Finding the game exciting is critical to many players – but what constitutes excitement can be controversial. Certain aspects of the game such as the possibility of “big point-swing plays” keep matches in suspense far longer than would otherwise happen may help some find it exciting, but usually contribute strongly toward either imbalance or binary play. But there are at least some contributors to “excitement” that I think can be universally agreed upon.

Excitement is enhanced by the feeling that either player can win a match. The deeper into the match that this feeling persists, the more exciting the match feels.

Cards that are original and unexpected are more exciting than cards that are predictable or blasé.

Insightful interactive plays are more interesting than routine, “solitaire” plays.

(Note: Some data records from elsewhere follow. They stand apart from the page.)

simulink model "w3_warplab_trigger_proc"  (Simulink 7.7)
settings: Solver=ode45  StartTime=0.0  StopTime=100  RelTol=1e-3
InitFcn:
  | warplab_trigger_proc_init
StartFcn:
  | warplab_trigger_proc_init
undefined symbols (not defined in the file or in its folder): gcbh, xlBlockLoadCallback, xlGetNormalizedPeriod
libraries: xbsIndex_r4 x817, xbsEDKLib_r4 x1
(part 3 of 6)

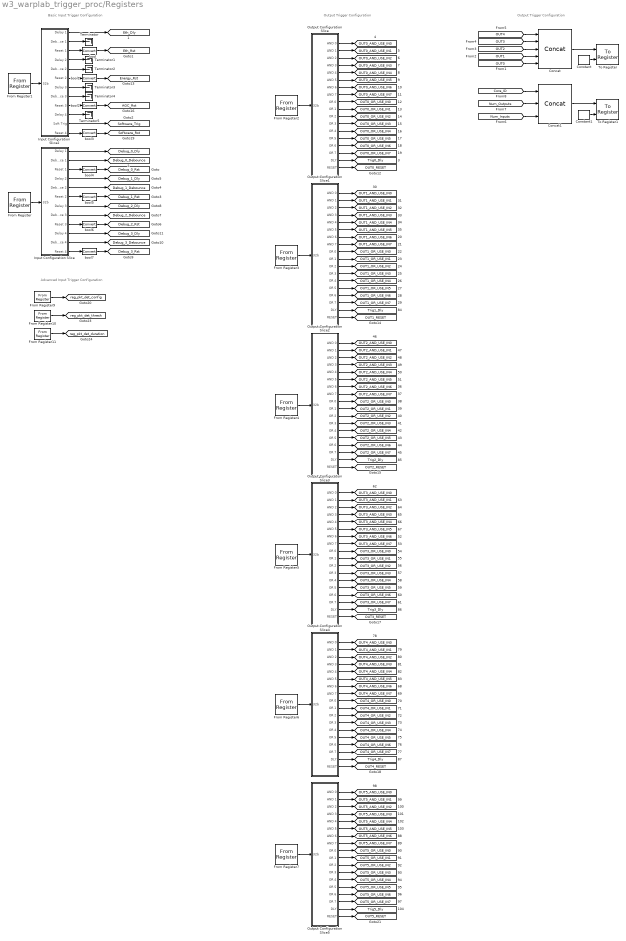
== system w3_warplab_trigger_proc/Registers ==
  note: Basic Input Trigger Configuration
  note: Advanced Input Trigger Configuration
  note: Output Trigger Configuration
  note: Output Trigger Configuration
  Concat : xbsIndex_r4/Concat  num_inputs=5  dbl_ovrd=off  block_type=concat
  Concat1 : xbsIndex_r4/Concat  num_inputs=3  dbl_ovrd=off  block_type=concat
  Constant : xbsIndex_r4/Constant  const=1  gui_display_data_type=Boolean  arith_type=Boolean  n_bits=16  bin_pt=14  preci_type=Single  exp_width=8  frac_width=24  explicit_period=off  period=1  equ=P=C  opselect=C  inp2=PCIN>>17  opr=+  inp1=P  carry=CIN  dbl_ovrd=off  block_type=constant
  Constant1 : xbsIndex_r4/Constant  const=1  gui_display_data_type=Boolean  arith_type=Boolean  n_bits=16  bin_pt=14  preci_type=Single  exp_width=8  frac_width=24  explicit_period=off  period=1  equ=P=C  opselect=C  inp2=PCIN>>17  opr=+  inp1=P  carry=CIN  dbl_ovrd=off  block_type=constant
  From Register : xbsIndex_r4/From Register  shared_memory_name='TRIG_CONF_INBANK1'  init=IN_BANK1  period=1  ownership=Locally owned and initialized  gui_display_data_type=Fixed-point  arith_type=Unsigned  n_bits=32  bin_pt=0  preci_type=Single  dbl_ovrd=off  block_type=fromreg
      settings: AttributesFormatString=<< %<shared_memory_name> >>  infoedit="Register block that reads data to a shared memory register.  Delay of one sample period."
  From Register1 : xbsIndex_r4/From Register  shared_memory_name='TRIG_CONF_INBANK0'  init=IN_BANK0  period=1  ownership=Locally owned and initialized  gui_display_data_type=Fixed-point  arith_type=Unsigned  n_bits=32  bin_pt=0  preci_type=Single  dbl_ovrd=off  block_type=fromreg
      settings: AttributesFormatString=<< %<shared_memory_name> >>  infoedit="Register block that reads data to a shared memory register.  Delay of one sample period."
  From Register10 : xbsIndex_r4/From Register  shared_memory_name='RSSI_PKT_DET_THRESHOLDS'  init=0  period=1  ownership=Locally owned and initialized  gui_display_data_type=Fixed-point  arith_type=Unsigned  n_bits=32  bin_pt=0  preci_type=Single  dbl_ovrd=off  block_type=fromreg
      settings: AttributesFormatString=<< %<shared_memory_name> >>  infoedit="Register block that reads data to a shared memory register.  Delay of one sample period."  block_version=8.2
  From Register11 : xbsIndex_r4/From Register  shared_memory_name='RSSI_PKT_DET_DURATIONS'  init=0  period=1  ownership=Locally owned and initialized  gui_display_data_type=Fixed-point  arith_type=Unsigned  n_bits=32  bin_pt=0  preci_type=Single  dbl_ovrd=off  block_type=fromreg
      settings: AttributesFormatString=<< %<shared_memory_name> >>  infoedit="Register block that reads data to a shared memory register.  Delay of one sample period."  block_version=8.2
  From Register2 : xbsIndex_r4/From Register  shared_memory_name='TRIG_CONF_OUT0'  init=OUT0  period=1  ownership=Locally owned and initialized  gui_display_data_type=Fixed-point  arith_type=Unsigned  n_bits=32  bin_pt=0  preci_type=Single  dbl_ovrd=off  block_type=fromreg
      settings: AttributesFormatString=<< %<shared_memory_name> >>  infoedit="Register block that reads data to a shared memory register.  Delay of one sample period."
  From Register3 : xbsIndex_r4/From Register  shared_memory_name='TRIG_CONF_OUT1'  init=OUT1  period=1  ownership=Locally owned and initialized  gui_display_data_type=Fixed-point  arith_type=Unsigned  n_bits=32  bin_pt=0  preci_type=Single  dbl_ovrd=off  block_type=fromreg
      settings: AttributesFormatString=<< %<shared_memory_name> >>  infoedit="Register block that reads data to a shared memory register.  Delay of one sample period."
  From Register4 : xbsIndex_r4/From Register  shared_memory_name='TRIG_CONF_OUT2'  init=OUT2  period=1  ownership=Locally owned and initialized  gui_display_data_type=Fixed-point  arith_type=Unsigned  n_bits=32  bin_pt=0  preci_type=Single  dbl_ovrd=off  block_type=fromreg
      settings: AttributesFormatString=<< %<shared_memory_name> >>  infoedit="Register block that reads data to a shared memory register.  Delay of one sample period."
  From Register5 : xbsIndex_r4/From Register  shared_memory_name='TRIG_CONF_OUT3'  init=OUT3  period=1  ownership=Locally owned and initialized  gui_display_data_type=Fixed-point  arith_type=Unsigned  n_bits=32  bin_pt=0  preci_type=Single  dbl_ovrd=off  block_type=fromreg
      settings: AttributesFormatString=<< %<shared_memory_name> >>  infoedit="Register block that reads data to a shared memory register.  Delay of one sample period."
  From Register6 : xbsIndex_r4/From Register  shared_memory_name='TRIG_CONF_OUT4'  init=OUT4  period=1  ownership=Locally owned and initialized  gui_display_data_type=Fixed-point  arith_type=Unsigned  n_bits=32  bin_pt=0  preci_type=Single  dbl_ovrd=off  block_type=fromreg
      settings: AttributesFormatString=<< %<shared_memory_name> >>  infoedit="Register block that reads data to a shared memory register.  Delay of one sample period."
  From Register7 : xbsIndex_r4/From Register  shared_memory_name='TRIG_CONF_OUT5'  init=OUT5  period=1  ownership=Locally owned and initialized  gui_display_data_type=Fixed-point  arith_type=Unsigned  n_bits=32  bin_pt=0  preci_type=Single  dbl_ovrd=off  block_type=fromreg
      settings: AttributesFormatString=<< %<shared_memory_name> >>  infoedit="Register block that reads data to a shared memory register.  Delay of one sample period."
  From Register9 : xbsIndex_r4/From Register  shared_memory_name='RSSI_PKT_DET_CONFIG'  init=0  period=1  ownership=Locally owned and initialized  gui_display_data_type=Fixed-point  arith_type=Unsigned  n_bits=32  bin_pt=0  preci_type=Single  dbl_ovrd=off  block_type=fromreg
      settings: AttributesFormatString=<< %<shared_memory_name> >>  infoedit="Register block that reads data to a shared memory register.  Delay of one sample period."  block_version=8.2
  Input Configuration Slice : Subsystem
  Input Configuration Slice2 : Subsystem
  Output Configuration Slice : Subsystem
  Output Configuration Slice1 : Subsystem
  Output Configuration Slice2 : Subsystem
  Output Configuration Slice3 : Subsystem
  Output Configuration Slice4 : Subsystem
  Output Configuration Slice5 : Subsystem
  Terminator{,1..5} (6 alike) : Terminator
  To Register : xbsIndex_r4/To Register  shared_memory_name='TRIG_OUT'  init=0  ownership=Locally owned and initialized  explicit_data_type=on  gui_display_data_type=Fixed-point  arith_type=Unsigned  n_bits=5  bin_pt=0  preci_type=Single  dbl_ovrd=off  block_type=toreg
      settings: AttributesFormatString=<< %<shared_memory_name> >>  infoedit="Register block that writes data to a shared memory register.  Delay of one sample period."
  To Register1 : xbsIndex_r4/To Register  shared_memory_name='CORE_INFO'  init=0  ownership=Locally owned and initialized  explicit_data_type=on  gui_display_data_type=Fixed-point  arith_type=Unsigned  n_bits=24  bin_pt=0  preci_type=Single  dbl_ovrd=off  block_type=toreg
      settings: AttributesFormatString=<< %<shared_memory_name> >>  infoedit="Register block that writes data to a shared memory register.  Delay of one sample period."
  bool{,1..7} (8 alike) : xbsIndex_r4/Convert  gui_display_data_type=Boolean  arith_type=Boolean  n_bits=16  bin_pt=14  float_type=Single  exp_bits=8  fraction_bits=24  quantization=Truncate  overflow=Wrap  en=off  latency=0  dbl_ovrd=off  pipeline=off  block_type=convert
  tag scope: AGC_Rst=global, Debug_0_Debounce=global, Debug_0_Dly=global, Debug_0_Rst=global, Debug_1_Debounce=global, Debug_1_Dly=global, Debug_1_Rst=global, Debug_2_Debounce=global, Debug_2_Dly=global, Debug_2_Rst=global, Debug_3_Debounce=global, Debug_3_Dly=global, Debug_3_Rst=global, Energy_Rst=global, Eth_Dly=global, Eth_Rst=global, OUT0_AND_USE_IN0=global, OUT0_AND_USE_IN1=global, OUT0_AND_USE_IN2=global, OUT0_AND_USE_IN3=global, OUT0_AND_USE_IN4=global, OUT0_AND_USE_IN5=global, OUT0_AND_USE_IN6=global, OUT0_AND_USE_IN7=global, OUT0_OR_USE_IN0=global, OUT0_OR_USE_IN1=global, OUT0_OR_USE_IN2=global, OUT0_OR_USE_IN3=global, OUT0_OR_USE_IN4=global, OUT0_OR_USE_IN5=global, OUT0_OR_USE_IN6=global, OUT0_OR_USE_IN7=global, OUT0_RESET=global, OUT1_AND_USE_IN0=global, OUT1_AND_USE_IN1=global, OUT1_AND_USE_IN2=global, OUT1_AND_USE_IN3=global, OUT1_AND_USE_IN4=global, OUT1_AND_USE_IN5=global, OUT1_AND_USE_IN6=global, OUT1_AND_USE_IN7=global, OUT1_OR_USE_IN0=global, OUT1_OR_USE_IN1=global, OUT1_OR_USE_IN2=global, OUT1_OR_USE_IN3=global, OUT1_OR_USE_IN4=global, OUT1_OR_USE_IN5=global, OUT1_OR_USE_IN6=global, OUT1_OR_USE_IN7=global, OUT1_RESET=global, OUT2_AND_USE_IN0=global, OUT2_AND_USE_IN1=global, OUT2_AND_USE_IN2=global, OUT2_AND_USE_IN3=global, OUT2_AND_USE_IN4=global, OUT2_AND_USE_IN5=global, OUT2_AND_USE_IN6=global, OUT2_AND_USE_IN7=global, OUT2_OR_USE_IN0=global, OUT2_OR_USE_IN1=global, OUT2_OR_USE_IN2=global, OUT2_OR_USE_IN3=global, OUT2_OR_USE_IN4=global, OUT2_OR_USE_IN5=global, OUT2_OR_USE_IN6=global, OUT2_OR_USE_IN7=global, OUT2_RESET=global, OUT3_AND_USE_IN0=global, OUT3_AND_USE_IN1=global, OUT3_AND_USE_IN2=global, OUT3_AND_USE_IN3=global, OUT3_AND_USE_IN4=global, OUT3_AND_USE_IN5=global, OUT3_AND_USE_IN6=global, OUT3_AND_USE_IN7=global, OUT3_OR_USE_IN0=global, OUT3_OR_USE_IN1=global, OUT3_OR_USE_IN2=global, OUT3_OR_USE_IN3=global, OUT3_OR_USE_IN4=global, OUT3_OR_USE_IN5=global, OUT3_OR_USE_IN6=global, OUT3_OR_USE_IN7=global, OUT3_RESET=global, OUT4_AND_USE_IN0=global, OUT4_AND_USE_IN1=global, OUT4_AND_USE_IN2=global, OUT4_AND_USE_IN3=global, OUT4_AND_USE_IN4=global, OUT4_AND_USE_IN5=global, OUT4_AND_USE_IN6=global, OUT4_AND_USE_IN7=global, OUT4_OR_USE_IN0=global, OUT4_OR_USE_IN1=global, OUT4_OR_USE_IN2=global, OUT4_OR_USE_IN3=global, OUT4_OR_USE_IN4=global, OUT4_OR_USE_IN5=global, OUT4_OR_USE_IN6=global, OUT4_OR_USE_IN7=global, OUT4_RESET=global, OUT5_AND_USE_IN0=global, OUT5_AND_USE_IN1=global, OUT5_AND_USE_IN2=global, OUT5_AND_USE_IN3=global, OUT5_AND_USE_IN4=global, OUT5_AND_USE_IN5=global, OUT5_AND_USE_IN6=global, OUT5_AND_USE_IN7=global, OUT5_OR_USE_IN0=global, OUT5_OR_USE_IN1=global, OUT5_OR_USE_IN2=global, OUT5_OR_USE_IN3=global, OUT5_OR_USE_IN4=global, OUT5_OR_USE_IN5=global, OUT5_OR_USE_IN6=global, OUT5_OR_USE_IN7=global, OUT5_RESET=global, Software_Rst=global, Software_Trig=global, Trig0_Dly=global, Trig1_Dly=global, Trig2_Dly=global, Trig3_Dly=global, Trig4_Dly=global, Trig5_Dly=global, reg_pkt_det_config=global, reg_pkt_det_duration=global, reg_pkt_det_thresh=global
  wires:
  Input Configuration Slice/1(Delay 1) -> [Debug_0_Dly]
  Input Configuration Slice/2(Debounce 1) -> [Debug_0_Debounce]
  Input Configuration Slice/3(Reset 1) -> bool4/1
  Input Configuration Slice/4(Delay 2) -> [Debug_1_Dly]
  Input Configuration Slice/5(Debounce 2) -> [Debug_1_Debounce]
  Input Configuration Slice/6(Reset 2) -> bool5/1
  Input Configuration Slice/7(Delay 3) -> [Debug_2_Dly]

To make the game more exciting, I thus suggest making changes to increase the pool of playable cards, encourage the use of cards with unique (and striking) abilities, and promoting cards that lead to more interactive play.

And while talking about interactive play, let me comment that good, interactive play requires moderate elements of control. If a player has no control, play may as well be solitaire; there is no way to interact. If players have too much control, interaction is valueless – there is nothing of value to interact with. Some metas definitely have too much control/removal – but usually this is in response to too many cards with too much power or engine value.

Conclusion

Ultimately, Balance Council gives players to shape Gwent into the game they want. This could be a very slow process, but a very significant one. Evolving Gwent into a game that people continue to want to play will be critical to Gwent’s survival. And, should developers ever to decide to relaunch a new Gwent (I am crossing my fingers), what happens in Balance Council will give them significant insight into player likes and dislikes.

But positive evolution of the game requires looking long-term, not just making knee-jerk reactions to its current state. And long-term change is most efficient when it serves a purpose directed by a cohesive, guiding vision. Initiating a discussion of that vision is the purpose for this article.